Domingos Bonifácio

Personal information
- Born: 28 October 1984 (age 41) Luanda, Angola
- Nationality: Angolan
- Listed height: 189 cm (6.20 ft)
- Listed weight: 76 kg (168 lb)
- Position: Point guard
- Number: 14

Career history
- 2002–2004: Petro de Luanda
- 2004–2006: Interclube
- 2006–2008: Petro de Luanda
- 2008–2011: Recreativo do Libolo
- 2011–2012: Primeiro de Agosto
- 2013: Recreativo do Libolo
- 2013–2019: Petro de Luanda

= Domingos Bonifácio =

Angolan basketball player (born 1984)

Domingos Emanuel da Silva Bonifácio a.k.a. Beny (born 28 October 1984) is an Angolan basketball player. At 189 cm and 76 kg (168 pounds), he plays as a point guard.
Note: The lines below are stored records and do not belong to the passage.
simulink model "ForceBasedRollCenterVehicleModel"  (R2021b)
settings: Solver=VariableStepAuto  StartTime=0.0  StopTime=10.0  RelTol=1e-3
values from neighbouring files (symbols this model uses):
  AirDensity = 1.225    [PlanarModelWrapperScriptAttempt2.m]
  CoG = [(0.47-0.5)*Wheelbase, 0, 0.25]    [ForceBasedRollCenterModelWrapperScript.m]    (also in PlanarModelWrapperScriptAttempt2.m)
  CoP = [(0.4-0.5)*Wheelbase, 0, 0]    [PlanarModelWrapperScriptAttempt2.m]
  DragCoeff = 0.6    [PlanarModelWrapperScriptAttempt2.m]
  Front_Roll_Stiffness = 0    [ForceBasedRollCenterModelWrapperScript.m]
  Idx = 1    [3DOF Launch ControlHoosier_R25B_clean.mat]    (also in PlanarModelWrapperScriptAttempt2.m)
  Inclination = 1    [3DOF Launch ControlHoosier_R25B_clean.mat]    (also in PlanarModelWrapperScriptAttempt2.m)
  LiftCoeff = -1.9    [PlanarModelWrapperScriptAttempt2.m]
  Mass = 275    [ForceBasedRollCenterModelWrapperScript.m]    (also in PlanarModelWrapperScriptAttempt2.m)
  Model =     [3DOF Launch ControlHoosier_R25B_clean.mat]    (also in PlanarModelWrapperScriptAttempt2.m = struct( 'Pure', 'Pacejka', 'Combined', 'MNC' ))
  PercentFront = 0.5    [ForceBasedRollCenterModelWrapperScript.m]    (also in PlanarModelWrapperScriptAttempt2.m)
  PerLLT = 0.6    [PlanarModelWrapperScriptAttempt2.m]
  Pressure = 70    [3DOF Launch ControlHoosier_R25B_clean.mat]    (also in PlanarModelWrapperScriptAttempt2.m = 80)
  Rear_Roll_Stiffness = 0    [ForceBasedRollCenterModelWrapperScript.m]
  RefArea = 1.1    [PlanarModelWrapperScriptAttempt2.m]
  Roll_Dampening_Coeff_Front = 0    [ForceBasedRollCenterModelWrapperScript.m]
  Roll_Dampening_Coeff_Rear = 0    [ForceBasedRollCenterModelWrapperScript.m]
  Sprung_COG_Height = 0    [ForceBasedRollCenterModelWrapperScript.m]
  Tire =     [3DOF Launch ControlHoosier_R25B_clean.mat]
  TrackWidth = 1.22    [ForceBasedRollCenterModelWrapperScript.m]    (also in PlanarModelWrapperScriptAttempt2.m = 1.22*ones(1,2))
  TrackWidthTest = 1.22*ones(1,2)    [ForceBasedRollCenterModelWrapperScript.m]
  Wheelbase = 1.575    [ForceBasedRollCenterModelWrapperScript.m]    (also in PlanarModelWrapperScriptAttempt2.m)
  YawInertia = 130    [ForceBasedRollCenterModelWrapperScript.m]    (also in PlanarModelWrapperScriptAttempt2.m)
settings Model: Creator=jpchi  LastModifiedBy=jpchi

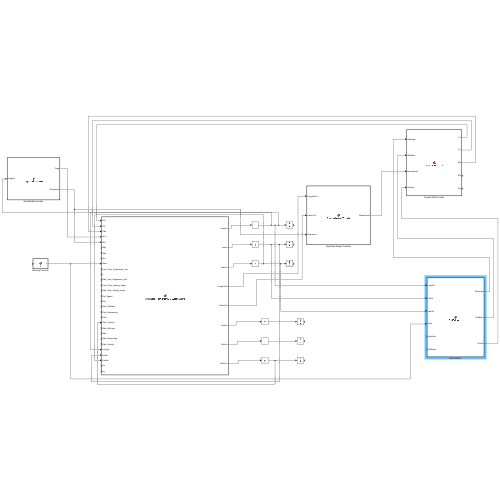
[thumbnail: Simulink's stored preview of the top-level diagram]
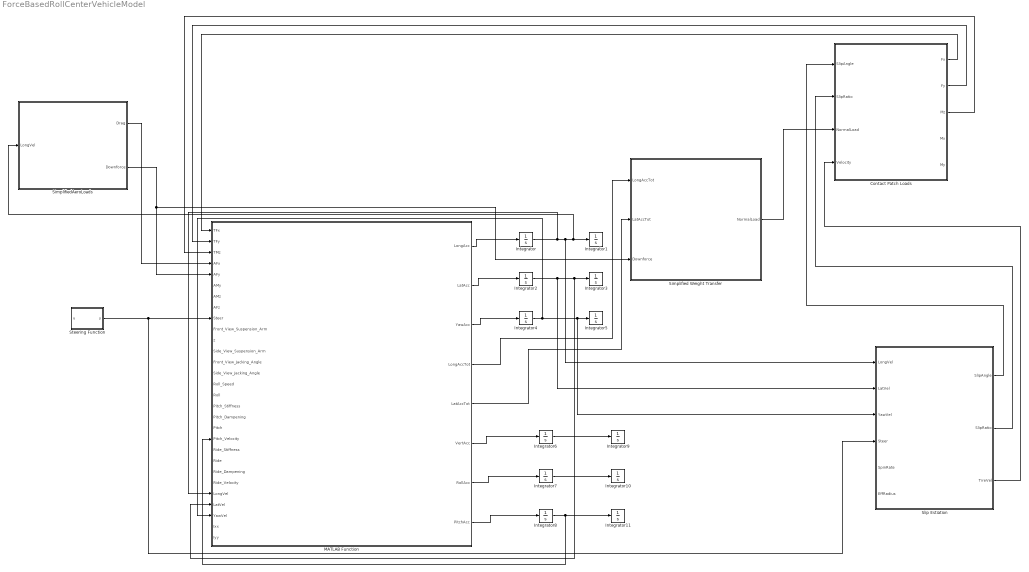
== system ForceBasedRollCenterVehicleModel ==
  Contact Patch Loads : MATLAB Function  TreatAsAtomicUnit=on
  Integrator{,1..11} (12 alike) : Integrator
  MATLAB Function : MATLAB Function  TreatAsAtomicUnit=on
  Simplified Weight Transfer : MATLAB Function  TreatAsAtomicUnit=on
  SimplifiedAeroLoads : MATLAB Function  TreatAsAtomicUnit=on
  Slip Estiation : MATLAB Function  TreatAsAtomicUnit=on
  Steering Function : MATLAB Function  TreatAsAtomicUnit=on
  wires:
  Steering Function/1(y) -> Slip Estiation/4(Steer), MATLAB Function/9(Steer)
  SimplifiedAeroLoads/2(Downforce) -> Simplified Weight Transfer/3(Downforce), MATLAB Function/5(AFy)
  SimplifiedAeroLoads/1(Drag) -> MATLAB Function/4(AFx)
  MATLAB Function/5(LatAccTot) -> Simplified Weight Transfer/2(LatAccTot)
  MATLAB Function/4(LongAccTot) -> Simplified Weight Transfer/1(LongAccTot)
  Simplified Weight Transfer/1(NormalLoad) -> Contact Patch Loads/3(NormalLoad)
  MATLAB Function/1(LongAcc) -> Integrator/1
  Integrator/1 -> MATLAB Function/25(LongVel), Slip Estiation/1(LongVel), SimplifiedAeroLoads/1(LongVel), Integrator1/1
  MATLAB Function/2(LatAcc) -> Integrator2/1
  Integrator2/1 -> Slip Estiation/2(LatVel), MATLAB Function/26(LatVel), Integrator3/1
  MATLAB Function/3(YawAcc) -> Integrator4/1
  Integrator4/1 -> MATLAB Function/27(YawVel), Slip Estiation/3(YawVel), Integrator5/1
  Slip Estiation/1(SlipAngle) -> Contact Patch Loads/1(SlipAngle)
  Slip Estiation/2(SlipRatio) -> Contact Patch Loads/2(SlipRatio)
  Slip Estiation/3(TireVel) -> Contact Patch Loads/4(Velocity)
  Contact Patch Loads/1(Fx) -> MATLAB Function/1(TFx)
  Contact Patch Loads/2(Fy) -> MATLAB Function/2(TFy)
  Contact Patch Loads/3(Mz) -> MATLAB Function/3(TMz)
  MATLAB Function/6(VertAcc) -> Integrator6/1
  MATLAB Function/7(RollAcc) -> Integrator7/1
  MATLAB Function/8(PitchAcc) -> Integrator8/1
  Integrator6/1 -> Integrator9/1
  Integrator7/1 -> Integrator10/1
  Integrator8/1 -> MATLAB Function/20(Pitch_Velocity), Integrator11/1

== matlab function ForceBasedRollCenterVehicleModel/SimplifiedAeroLoads ==
  data: LongVel input; Drag output; Downforce output; AirDensity parameter; RefArea parameter; DragCoeff parameter; LiftCoeff parameter
function [Drag, Downforce] = SimplifiedAeroLoads( LongVel, ...
    AirDensity, RefArea, DragCoeff, LiftCoeff)
%% SimplifiedWeightTransfer - Simplified Normal Loads
% Computes tire normal loads using simplified weight transfer and
% aerodynamic loading.
% 
% Inputs:
%   LongVel    - (n,1 numeric) Longitudinal Velocity {dot{x}}  [m/s]
%   AirDensity - (n,1 numeric) Air Density           {rho_air} [kg/m^3]
%   RefArea    - (n,1 numeric) Reference Area        {A}       [m^2]
%   DragCoeff  - (n,1 numeric) Drag Coefficient      {C_D}     [ ]
%   LiftCoeff  - (n,1 numeric) Lift Coefficient      {C_L}     [ ]
%
% Outputs:
%   Drag       - (n,1 numeric) Drag Force            {A_F_x}   [N]
%   Downforce  - (n,1 numeric) Downforce             {A_F_z}   [N]
%
% Notes:
%
% Author(s): 
% Blake Christierson (bechristierson@ucdavis.edu) [Sep 2018 - Jun 2021] 
% 
% Last Updated: 31-May-2021

%% Test Case
if nargin == 0
   LongVel = 15;
   
   AirDensity = 1.225;
   
   RefArea = 1.1;
   
   DragCoeff = 0.6;
   LiftCoeff = -1.9;
   
   [Drag, Downforce] = SimplifiedAeroLoads( LongVel, ...
    AirDensity, RefArea, DragCoeff, LiftCoeff ) %#ok<NOPRT>

    return
end

%% Computation
Drag      = 1/2 .* AirDensity .*  DragCoeff .* RefArea .* LongVel.^2;
Downforce = 1/2 .* AirDensity .* -LiftCoeff .* RefArea .* LongVel.^2;

end

== matlab function ForceBasedRollCenterVehicleModel/Slip Estiation ==
  data: LongVel input; SlipAngle output; LatVel input; YawVel input; Steer input; SpinRate input; EffRadius input; SlipRatio output; TireVel output; TirePos parameter
function [SlipAngle, SlipRatio, TireVel] = SlipEstimation( ...
    LongVel, LatVel, YawVel, Steer, SpinRate, EffRadius, TirePos)

%% SlipEstimation - Slip Angle and Slip Ratio Calculations
% Estimates tire slips and center velocity from chassis velocity and a
% handful of tire states.
% 
% Inputs:
%   LongVel   - (1,1 numeric) Longitudinal Velocity {x_dot}   [m/s]
%   LatVel    - (1,1 numeric) Lateral Velocity      {y_dot}   [m/s]
%   YawVel    - (1,1 numeric) Yaw Rate              {psi_dot} [rad/s]
%   TirePos   - (n,3 numeric) [x,y,0] Tire Position {p}       [m]
%   Steer     - (n,1 numeric) Tire Steer Angle      {delta}   [deg]
%   SpinRate  - (n,1 numeric) Tire Spin Rate        {omega}   [rad/s]
%   EffRadius - (n,1 numeric) Tire Effective Radius {r_e}     [m]
% 
% Outputs:
%   SlipAngle - (n,1 numeric) Tire Slip Angle      {alpha} [deg]
%   SlipRatio - (n,1 numeric) Tire Slip Ratio      {kappa} [ ]
%   TireVel   - (n,1 numeric) Tire Center Velocity {v_c}   [m/s]
%
% Notes:
%   Typically n=4; however, may be vectorized by stacking rows.
%
% Author(s): 
% Blake Christierson (bechristierson@ucdavis.edu) [Sep 2018 - Jun 2021] 
%
% Last Updated: 1-Apr-2021

%% Test Cases
if nargin == 0
    LongVel = 10;
    LatVel = 2;
    YawVel = 0.1;
    TirePos = [ 0.84  0.66 0; ...
                0.84 -0.66 0; ...
               -0.67  0.66 0; ...
               -0.67 -0.66 0];
    
    Steer = [25; 20; -0.5; 0.5];
    
    SpinRate = 100 .* ones(4,1);
    EffRadius = 0.19 .* ones(4,1);
    
    [SlipAngle, SlipRatio, TireVel] = SlipEstimation( ...
        LongVel, LatVel, YawVel, TirePos, Steer, SpinRate, EffRadius);

    fprintf('Executing SlipEstimation() Test Cases: \n');
    for i = 1:numel(SlipAngle)
        fprintf('   Instance %i: \n', i);
        fprintf('      alpha = %5.2f [deg] \n', SlipAngle(i));
        fprintf('      kappa = %5.2f [ ] \n', SlipRatio(i));
        fprintf('      v_c   = %5.2f [m/s] \n', TireVel(i));
    end
    
    return;
end

%% Computation
%%% Number of Evaluations
n = numel(Steer);

%%% Tire Center Velocities
TireVel = zeros(n,3);
for i = 1:n
    TireVel(i,:) = [LongVel; LatVel; 0] + cross( [0; 0; YawVel], TirePos(i,:)' );
end

%%% Slip Angle
SlipAngle = atan2d( TireVel(:,2), TireVel(:,1) ) - Steer;

%%% Slip Ratio
SlipRatio = ( SpinRate .* EffRadius ) ./ ( norm(TireVel,2) .* cosd( SlipAngle ) ) - 1;

== matlab function ForceBasedRollCenterVehicleModel/Contact Patch Loads ==
  data: Fx output; SlipAngle input; SlipRatio input; NormalLoad input; Velocity input; Fy output; Mz output; Mx output; My output; Tire parameter; Pressure parameter; Inclination parameter; Idx parameter; Model parameter
function [Fx, Fy, Mz, Mx, My] = ContactPatchLoads( SlipAngle, SlipRatio, ...
    NormalLoad, Velocity, ...
    Tire, ...
Pressure, Inclination, Idx, Model)
%% ContactPatchLoads - Tire Load Evaluation
% This script evaluates a Pacejka contact patch tire model using the
% formatted by TireModelFittingMain(). 
% 
% Inputs:
%   Tire          - (struct)      Pacejka Parameters
%   SlipAngle     - (n,1 numeric) Slip Angle          {alpha} [deg]
%   SlipRatio     - (n,1 numeric) Slip Ratio          {kappa} [ ]
%   NormalLoad    - (n,1 numeric) Normal Load         {F_z}   [N]
%   Pressure      - (n,1 numeric) Inflation Pressure  {P_i}   [kPa]
%   Inclination   - (n,1 numeric) Inclination Angle   {gamma} [deg]
%   Velocity      - (n,1 numeric) Center Velocity     {v_c}   [m/s]
%   Idx           - (n,1 numeric) Corner Idx          {1-4}   [ ]
%   Model         - (struct)      Fidelity Choices 
%       .Pure     - (char)        Pure Slip Model     {'Linear', 'Pacejka'}
%       .Combined - (char)        Combined Slip Model {'Pure', 'MNC', 'Pacejka'}
%
% Outputs:
%   Fx - (n,1 numeric) Longitudinal (Tractive) Force {F_x} [N]
%   Fy - (n,1 numeric) Lateral Force                 {F_y} [N]
%   Mz - (n,1 numeric) Aligning Moment               {M_z} [N-m]
%   Mx - (n,1 numeric) Overturning Moment            {M_x} [N-m]
%   My - (n,1 numeric) Rolling Resistance            {M_y} [N-m]
%
% Notes:
%   Pacejka combined slip model is not currently implemented (4/2/21) and
%   when the model does become available the model compatibility checks
%   should be reformatted.
%
% Author(s): 
% Blake Christierson (bechristierson@ucdavis.edu) [Sep 2018 - Jun 2021] 
% Carlos Lopez       (calopez@ucdavis.edu       ) [Jan 2019 -         ]
% Leonardo Howard    (leohoward@ucdavis.edu     ) [Jan 2021 -         ]
% Tristan Pham       (atlpham@ucdavis.edu       ) [Jan 2021 -         ]
% 
% Last Updated: 11-Nov-2021

%% Test Case
if nargin == 0
    warning('Executing SlipEstimation() Test Case')
    
    addpath( genpath( fileparts( which( 'ContactPatchLoads.m' ) ) ) );
    %load('Models\TestTire.mat'); %#ok<LOAD> missing Tire.Pacejka.p.P.Mx
    load('Hoosier_R25B_18x75-10x7.mat');
    %load('Hoosier_R25B_16x75-10x7.mat');
    %load('Tire.mat');
    
    %%% Nominal Test Case Conditions
    Pressure    = 70;
    Inclination = 1;
    Velocity    = 10;
    Idx         = 1;
    Model       = struct( 'Pure', 'Pacejka', 'Combined', 'MNC' );
    
    %%% Slip-Load Plots 
    SlipRatio = linspace(- 1, 1,51);
    SlipAngle = linspace(-20,20,51);
    
    NormalLoad  = 0:100:2000;
        
    [~         , SlipRatio] = meshgrid( NormalLoad, SlipRatio );
    [NormalLoad, SlipAngle] = meshgrid( NormalLoad, SlipAngle );
    
    [Fx, Fy, Mz, Mx, My] = ContactPatchLoads( Tire, ...
        SlipAngle, SlipRatio, ...
        NormalLoad, Pressure, Inclination, Velocity, ...
        Idx, Model );
     
    figure
    sgtitle( {'Slip-Load Surfaces', ...
        ['$P_{i} ='  , num2str(Pressure)   , '$ [$kPa$],' ...
          '$\gamma = ', num2str(Inclination), '$ [$deg$]']} )
      
    subplot(3,2,1)
    surf( SlipRatio, NormalLoad, Fx )
    xlabel( '$\kappa$ [ ]' )
    ylabel( '$F_{z}$ [$N$]' )
    zlabel( '$F_{x}$ [$N$]' )
    title( 'Longitudinal Force' )
    
    subplot(3,2,2)
    surf( SlipAngle, NormalLoad, Fy )
    xlabel( '$\alpha$ [$deg$]' )
    ylabel( '$F_{z}$ [$N$]' )
    zlabel( '$F_{y}$ [$N$]' )
    title( 'Lateral Force' )
    
    subplot(3,2,3)
    surf( SlipAngle, NormalLoad, Mz )
    xlabel( '$\alpha$ [$deg$]' )
    ylabel( '$F_{z}$ [$N$]' )
    zlabel( '$M_{z}$ [$Nm$]' )
    title( 'Aligning Moment' )
    
    subplot(3,2,4)
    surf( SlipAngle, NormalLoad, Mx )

He also represented the Angolan senior team at the FIBA Africa Championship 2009. He averaged 4.7 points and 1.4 assists off the bench for the Angolans, who won their seventh consecutive FIBA Africa Championship and qualified for the 2010 FIBA World Championship. Previously, he represented the Angolan junior side at the 2003 World Junior Championships and the 2004 FIBA Africa U-20 Championship.

He is currently playing for Petro Atlético at the Angolan major basketball league BAI Basket.